• **RECORDS FOR THIS TASK**

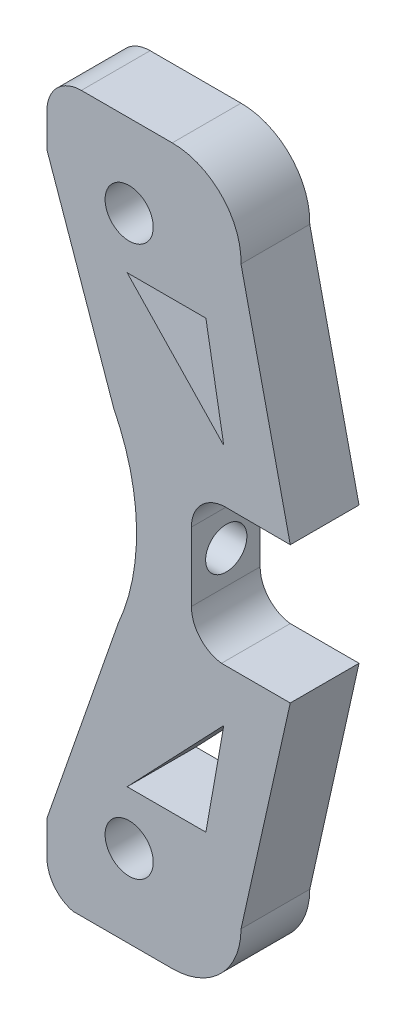
ISO-10303-21;
HEADER;
FILE_DESCRIPTION(('STEP AP214'),'2;1');
FILE_NAME('part.step','',(''),(''),'','','');
FILE_SCHEMA(('AUTOMOTIVE_DESIGN { 1 0 10303 214 1 1 1 1 }'));
ENDSEC;
DATA;
#1=APPLICATION_CONTEXT('core data for automotive mechanical design processes');
#2=APPLICATION_PROTOCOL_DEFINITION('international standard','automotive_design',2000,#1);
#3=PRODUCT_CONTEXT('',#1,'mechanical');
#4=PRODUCT('Part','Part','',(#3));
#5=PRODUCT_RELATED_PRODUCT_CATEGORY('part','',(#4));
#6=PRODUCT_DEFINITION_FORMATION('','',#4);
#7=PRODUCT_DEFINITION_CONTEXT('part definition',#1,'design');
#8=PRODUCT_DEFINITION('design','',#6,#7);
#9=PRODUCT_DEFINITION_SHAPE('','',#8);
#10=(LENGTH_UNIT() NAMED_UNIT(*) SI_UNIT(.MILLI.,.METRE.));
#11=(NAMED_UNIT(*) PLANE_ANGLE_UNIT() SI_UNIT($,.RADIAN.));
#12=(NAMED_UNIT(*) SI_UNIT($,.STERADIAN.) SOLID_ANGLE_UNIT());
#13=UNCERTAINTY_MEASURE_WITH_UNIT(LENGTH_MEASURE(1.E-05),#10,'distance_accuracy_value','');
#14=(GEOMETRIC_REPRESENTATION_CONTEXT(3) GLOBAL_UNCERTAINTY_ASSIGNED_CONTEXT((#13)) GLOBAL_UNIT_ASSIGNED_CONTEXT((#10,
#11,#12)) REPRESENTATION_CONTEXT('',''));
#15=CARTESIAN_POINT('',(0.,0.,0.));
#16=DIRECTION('',(0.,0.,1.));
#17=DIRECTION('',(1.,0.,0.));
#18=AXIS2_PLACEMENT_3D('',#15,#16,#17);
#19=CARTESIAN_POINT('',(-13.9002218715803,48.2113405763736,10.));
#20=DIRECTION('',(0.,0.,1.));
#21=DIRECTION('',(1.,0.,0.));
#22=AXIS2_PLACEMENT_3D('',#19,#20,#21);
#23=PLANE('',#22);
#24=DIRECTION('',(-0.173707129597082,0.984797356377007,0.));
#25=VECTOR('',#24,1.);
#26=CARTESIAN_POINT('',(4.20958108724803,33.5813405763735,10.));
#27=LINE('',#26,#25);
#28=CARTESIAN_POINT('',(6.80883522935296,18.8453961529392,10.));
#29=VERTEX_POINT('',#28);
#30=CARTESIAN_POINT('',(4.20958108724802,33.5813405763735,10.));
#31=VERTEX_POINT('',#30);
#32=EDGE_CURVE('E233',#29,#31,#27,.T.);
#33=ORIENTED_EDGE('',*,*,#32,.F.);
#34=DIRECTION('',(0.69004195196979,-0.723769372467309,0.));
#35=VECTOR('',#34,1.);
#36=CARTESIAN_POINT('',(6.80883522935296,18.8453961529392,10.));
#37=LINE('',#36,#35);
#38=CARTESIAN_POINT('',(-7.24041891275197,33.5813405763736,10.));
#39=VERTEX_POINT('',#38);
#40=EDGE_CURVE('E231',#39,#29,#37,.T.);
#41=ORIENTED_EDGE('',*,*,#40,.F.);
#42=DIRECTION('',(-1.,0.,0.));
#43=VECTOR('',#42,1.);
#44=CARTESIAN_POINT('',(-7.24041891275197,33.5813405763736,10.));
#45=LINE('',#44,#43);
#46=EDGE_CURVE('E237',#31,#39,#45,.T.);
#47=ORIENTED_EDGE('',*,*,#46,.F.);
#48=EDGE_LOOP('',(#33,#41,#47));
#49=FACE_BOUND('',#48,.T.);
#50=CARTESIAN_POINT('',(-6.95022187158033,41.2113405763736,10.));
#51=DIRECTION('',(0.,0.,1.));
#52=DIRECTION('',(1.,0.,0.));
#53=AXIS2_PLACEMENT_3D('',#50,#51,#52);
#54=CIRCLE('',#53,3.50000000000001);
#55=CARTESIAN_POINT('',(-3.45022187158032,41.2113405763736,10.));
#56=VERTEX_POINT('',#55);
#57=EDGE_CURVE('E255',#56,#56,#54,.T.);
#58=ORIENTED_EDGE('',*,*,#57,.F.);
#59=EDGE_LOOP('',(#58));
#60=FACE_BOUND('',#59,.T.);
#61=CARTESIAN_POINT('',(-13.9002218715803,48.2113405763736,10.));
#62=DIRECTION('',(0.,0.,1.));
#63=DIRECTION('',(1.,0.,0.));
#64=AXIS2_PLACEMENT_3D('',#61,#62,#63);
#65=CIRCLE('',#64,5.);
#66=CARTESIAN_POINT('',(-13.9002218715803,53.2113405763736,10.));
#67=VERTEX_POINT('',#66);
#68=CARTESIAN_POINT('',(-18.9002218715803,48.2113405763736,10.));
#69=VERTEX_POINT('',#68);
#70=EDGE_CURVE('E261',#67,#69,#65,.T.);
#71=ORIENTED_EDGE('',*,*,#70,.T.);
#72=DIRECTION('',(0.,-1.,0.));
#73=VECTOR('',#72,1.);
#74=CARTESIAN_POINT('',(-18.9002218715803,48.2113405763736,10.));
#75=LINE('',#74,#73);
#76=CARTESIAN_POINT('',(-18.9002218715803,43.2113405763736,10.));
#77=VERTEX_POINT('',#76);
#78=EDGE_CURVE('E264',#69,#77,#75,.T.);
#79=ORIENTED_EDGE('',*,*,#78,.T.);
#80=DIRECTION('',(0.33084706607532,-0.943684385199497,0.));
#81=VECTOR('',#80,1.);
#82=CARTESIAN_POINT('',(-18.9002218715803,43.2113405763736,10.));
#83=LINE('',#82,#81);
#84=CARTESIAN_POINT('',(-9.19947784012842,15.5416357308898,10.));
#85=VERTEX_POINT('',#84);
#86=EDGE_CURVE('E267',#77,#85,#83,.T.);
#87=ORIENTED_EDGE('',*,*,#86,.T.);
#88=CARTESIAN_POINT('',(-37.3373809266192,1.4558622226975,10.));
#89=DIRECTION('',(0.,0.,-1.));
#90=DIRECTION('',(1.,0.,0.));
#91=AXIS2_PLACEMENT_3D('',#88,#89,#90);
#92=CIRCLE('',#91,31.46665863146);
#93=CARTESIAN_POINT('',(-8.5530402468484,-11.2568218786137,10.));
#94=VERTEX_POINT('',#93);
#95=EDGE_CURVE('E269',#85,#94,#92,.T.);
#96=ORIENTED_EDGE('',*,*,#95,.T.);
#97=DIRECTION('',(-0.329097586940869,-0.944295916685917,0.));
#98=VECTOR('',#97,1.);
#99=CARTESIAN_POINT('',(-18.9002218715803,-40.9464997892496,10.));
#100=LINE('',#99,#98);
#101=CARTESIAN_POINT('',(-18.9002218715803,-40.9464997892496,10.));
#102=VERTEX_POINT('',#101);
#103=EDGE_CURVE('E271',#94,#102,#100,.T.);
#104=ORIENTED_EDGE('',*,*,#103,.T.);
#105=DIRECTION('',(0.,-1.,0.));
#106=VECTOR('',#105,1.);
#107=CARTESIAN_POINT('',(-18.9002218715803,-45.9464997892496,10.));
#108=LINE('',#107,#106);
#109=CARTESIAN_POINT('',(-18.9002218715803,-45.9464997892496,10.));
#110=VERTEX_POINT('',#109);
#111=EDGE_CURVE('E273',#102,#110,#108,.T.);
#112=ORIENTED_EDGE('',*,*,#111,.T.);
#113=CARTESIAN_POINT('',(-13.9002218715803,-45.9464997892496,10.));
#114=DIRECTION('',(0.,0.,1.));
#115=DIRECTION('',(1.,0.,0.));
#116=AXIS2_PLACEMENT_3D('',#113,#114,#115);
#117=CIRCLE('',#116,4.99999999999999);
#118=CARTESIAN_POINT('',(-15.1466126911937,-50.7886594236259,10.));
#119=VERTEX_POINT('',#118);
#120=EDGE_CURVE('E275',#110,#119,#117,.T.);
#121=ORIENTED_EDGE('',*,*,#120,.T.);
#122=DIRECTION('',(1.,0.,0.));
#123=VECTOR('',#122,1.);
#124=CARTESIAN_POINT('',(-15.1466126911937,-50.7886594236259,10.));
#125=LINE('',#124,#123);
#126=CARTESIAN_POINT('',(-0.680221871580316,-50.7886594236259,10.));
#127=VERTEX_POINT('',#126);
#128=EDGE_CURVE('E277',#119,#127,#125,.T.);
#129=ORIENTED_EDGE('',*,*,#128,.T.);
#130=CARTESIAN_POINT('',(-0.680221871580317,-40.7886594236259,10.));
#131=DIRECTION('',(0.,0.,1.));
#132=DIRECTION('',(1.,0.,0.));
#133=AXIS2_PLACEMENT_3D('',#130,#131,#132);
#134=CIRCLE('',#133,10.);
#135=CARTESIAN_POINT('',(9.31977812841971,-40.7886594236259,10.));
#136=VERTEX_POINT('',#135);
#137=EDGE_CURVE('E279',#127,#136,#134,.T.);
#138=ORIENTED_EDGE('',*,*,#137,.T.);
#139=DIRECTION('',(0.218041244325857,0.975939555388976,0.));
#140=VECTOR('',#139,1.);
#141=CARTESIAN_POINT('',(16.4777911249175,-8.74982180430591,10.));
#142=LINE('',#141,#140);
#143=CARTESIAN_POINT('',(16.4777911249175,-8.74982180430591,10.));
#144=VERTEX_POINT('',#143);
#145=EDGE_CURVE('E281',#136,#144,#142,.T.);
#146=ORIENTED_EDGE('',*,*,#145,.T.);
#147=DIRECTION('',(-1.,0.,0.));
#148=VECTOR('',#147,1.);
#149=CARTESIAN_POINT('',(6.47779112491749,-8.74982180430591,10.));
#150=LINE('',#149,#148);
#151=CARTESIAN_POINT('',(6.47779112491749,-8.74982180430591,10.));
#152=VERTEX_POINT('',#151);
#153=EDGE_CURVE('E283',#144,#152,#150,.T.);
#154=ORIENTED_EDGE('',*,*,#153,.T.);
#155=CARTESIAN_POINT('',(7.0997781284197,-3.78865942362592,10.));
#156=DIRECTION('',(0.,0.,-1.));
#157=DIRECTION('',(1.,0.,0.));
#158=AXIS2_PLACEMENT_3D('',#155,#156,#157);
#159=CIRCLE('',#158,5.);
#160=CARTESIAN_POINT('',(2.0997781284197,-3.78865942362592,10.));
#161=VERTEX_POINT('',#160);
#162=EDGE_CURVE('E285',#152,#161,#159,.T.);
#163=ORIENTED_EDGE('',*,*,#162,.T.);
#164=DIRECTION('',(0.,1.,0.));
#165=VECTOR('',#164,1.);
#166=CARTESIAN_POINT('',(2.09977812841969,6.20926138491893,10.));
#167=LINE('',#166,#165);
#168=CARTESIAN_POINT('',(2.09977812841969,6.20926138491893,10.));
#169=VERTEX_POINT('',#168);
#170=EDGE_CURVE('E287',#161,#169,#167,.T.);
#171=ORIENTED_EDGE('',*,*,#170,.T.);
#172=CARTESIAN_POINT('',(7.10185775217855,6.20926138491893,10.));
#173=DIRECTION('',(0.,0.,-1.));
#174=DIRECTION('',(1.,0.,0.));
#175=AXIS2_PLACEMENT_3D('',#172,#173,#174);
#176=CIRCLE('',#175,5.00207962375886);
#177=CARTESIAN_POINT('',(7.09977812841968,11.2113405763741,10.));
#178=VERTEX_POINT('',#177);
#179=EDGE_CURVE('E289',#169,#178,#176,.T.);
#180=ORIENTED_EDGE('',*,*,#179,.T.);
#181=DIRECTION('',(0.99999142472693,-0.00414131290832281,0.));
#182=VECTOR('',#181,1.);
#183=CARTESIAN_POINT('',(7.09977812841968,11.2113405763741,10.));
#184=LINE('',#183,#182);
#185=CARTESIAN_POINT('',(16.4777911249175,11.1725029570541,10.));
#186=VERTEX_POINT('',#185);
#187=EDGE_CURVE('E291',#178,#186,#184,.T.);
#188=ORIENTED_EDGE('',*,*,#187,.T.);
#189=DIRECTION('',(-0.219849558688194,0.975533788007676,0.));
#190=VECTOR('',#189,1.);
#191=CARTESIAN_POINT('',(16.4777911249175,11.1725029570541,10.));
#192=LINE('',#191,#190);
#193=CARTESIAN_POINT('',(9.31635692905425,42.9497831587694,10.));
#194=VERTEX_POINT('',#193);
#195=EDGE_CURVE('E293',#186,#194,#192,.T.);
#196=ORIENTED_EDGE('',*,*,#195,.T.);
#197=CARTESIAN_POINT('',(-0.680221871580312,43.2113405763736,10.));
#198=DIRECTION('',(0.,0.,1.));
#199=DIRECTION('',(1.,0.,0.));
#200=AXIS2_PLACEMENT_3D('',#197,#198,#199);
#201=CIRCLE('',#200,10.);
#202=CARTESIAN_POINT('',(-0.680221871580311,53.2113405763736,10.));
#203=VERTEX_POINT('',#202);
#204=EDGE_CURVE('E295',#194,#203,#201,.T.);
#205=ORIENTED_EDGE('',*,*,#204,.T.);
#206=DIRECTION('',(-1.,0.,0.));
#207=VECTOR('',#206,1.);
#208=CARTESIAN_POINT('',(-0.680221871580313,53.2113405763736,10.));
#209=LINE('',#208,#207);
#210=EDGE_CURVE('E297',#203,#67,#209,.T.);
#211=ORIENTED_EDGE('',*,*,#210,.T.);
#212=EDGE_LOOP('',(#71,#79,#87,#96,#104,#112,#121,#129,#138,#146,#154,#163,#171,#180,#188,#196,
#205,#211));
#213=FACE_BOUND('',#212,.T.);
#214=CARTESIAN_POINT('',(-6.95022187158041,-38.7886594236264,10.));
#215=DIRECTION('',(0.,0.,1.));
#216=DIRECTION('',(-1.,0.,0.));
#217=AXIS2_PLACEMENT_3D('',#214,#215,#216);
#218=CIRCLE('',#217,3.50000000000031);
#219=CARTESIAN_POINT('',(-10.4502218715807,-38.7886594236264,10.));
#220=VERTEX_POINT('',#219);
#221=EDGE_CURVE('E225',#220,#220,#218,.T.);
#222=ORIENTED_EDGE('',*,*,#221,.F.);
#223=EDGE_LOOP('',(#222));
#224=FACE_BOUND('',#223,.T.);
#225=DIRECTION('',(0.173707129597086,0.984797356377007,0.));
#226=VECTOR('',#225,1.);
#227=CARTESIAN_POINT('',(4.20958108724796,-31.1586594236266,10.));
#228=LINE('',#227,#226);
#229=CARTESIAN_POINT('',(4.20958108724796,-31.1586594236266,10.));
#230=VERTEX_POINT('',#229);
#231=CARTESIAN_POINT('',(6.80883522935292,-16.4227150001923,10.));
#232=VERTEX_POINT('',#231);
#233=EDGE_CURVE('E204',#230,#232,#228,.T.);
#234=ORIENTED_EDGE('',*,*,#233,.F.);
#235=DIRECTION('',(1.,0.,0.));
#236=VECTOR('',#235,1.);
#237=CARTESIAN_POINT('',(-7.24041891275197,-31.1586594236267,10.));
#238=LINE('',#237,#236);
#239=CARTESIAN_POINT('',(-7.24041891275197,-31.1586594236267,10.));
#240=VERTEX_POINT('',#239);
#241=EDGE_CURVE('E196',#240,#230,#238,.T.);
#242=ORIENTED_EDGE('',*,*,#241,.F.);
#243=DIRECTION('',(-0.690041951969789,-0.723769372467309,0.));
#244=VECTOR('',#243,1.);
#245=CARTESIAN_POINT('',(6.80883522935292,-16.4227150001923,10.));
#246=LINE('',#245,#244);
#247=EDGE_CURVE('E213',#232,#240,#246,.T.);
#248=ORIENTED_EDGE('',*,*,#247,.F.);
#249=EDGE_LOOP('',(#234,#242,#248));
#250=FACE_BOUND('',#249,.T.);
#251=ADVANCED_FACE('F35',(#49,#60,#213,#224,#250),#23,.T.);
#252=CARTESIAN_POINT('',(-13.9002218715803,48.2113405763736,0.));
#253=DIRECTION('',(0.,0.,1.));
#254=DIRECTION('',(1.,0.,0.));
#255=AXIS2_PLACEMENT_3D('',#252,#253,#254);
#256=PLANE('',#255);
#257=CARTESIAN_POINT('',(-6.95022187158041,-38.7886594236264,0.));
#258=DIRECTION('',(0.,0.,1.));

• **PROMPT**
Repeat each line, unchanged, from the line that contains "#242=ORIENTED_EDGE('',*,*,#241,.F.);" to the end of the listing above.

• **RESULT OF THIS TASK**
#242=ORIENTED_EDGE('',*,*,#241,.F.);
#243=DIRECTION('',(-0.690041951969789,-0.723769372467309,0.));
#244=VECTOR('',#243,1.);
#245=CARTESIAN_POINT('',(6.80883522935292,-16.4227150001923,10.));
#246=LINE('',#245,#244);
#247=EDGE_CURVE('E213',#232,#240,#246,.T.);
#248=ORIENTED_EDGE('',*,*,#247,.F.);
#249=EDGE_LOOP('',(#234,#242,#248));
#250=FACE_BOUND('',#249,.T.);
#251=ADVANCED_FACE('F35',(#49,#60,#213,#224,#250),#23,.T.);
#252=CARTESIAN_POINT('',(-13.9002218715803,48.2113405763736,0.));
#253=DIRECTION('',(0.,0.,1.));
#254=DIRECTION('',(1.,0.,0.));
#255=AXIS2_PLACEMENT_3D('',#252,#253,#254);
#256=PLANE('',#255);
#257=CARTESIAN_POINT('',(-6.95022187158041,-38.7886594236264,0.));
#258=DIRECTION('',(0.,0.,1.));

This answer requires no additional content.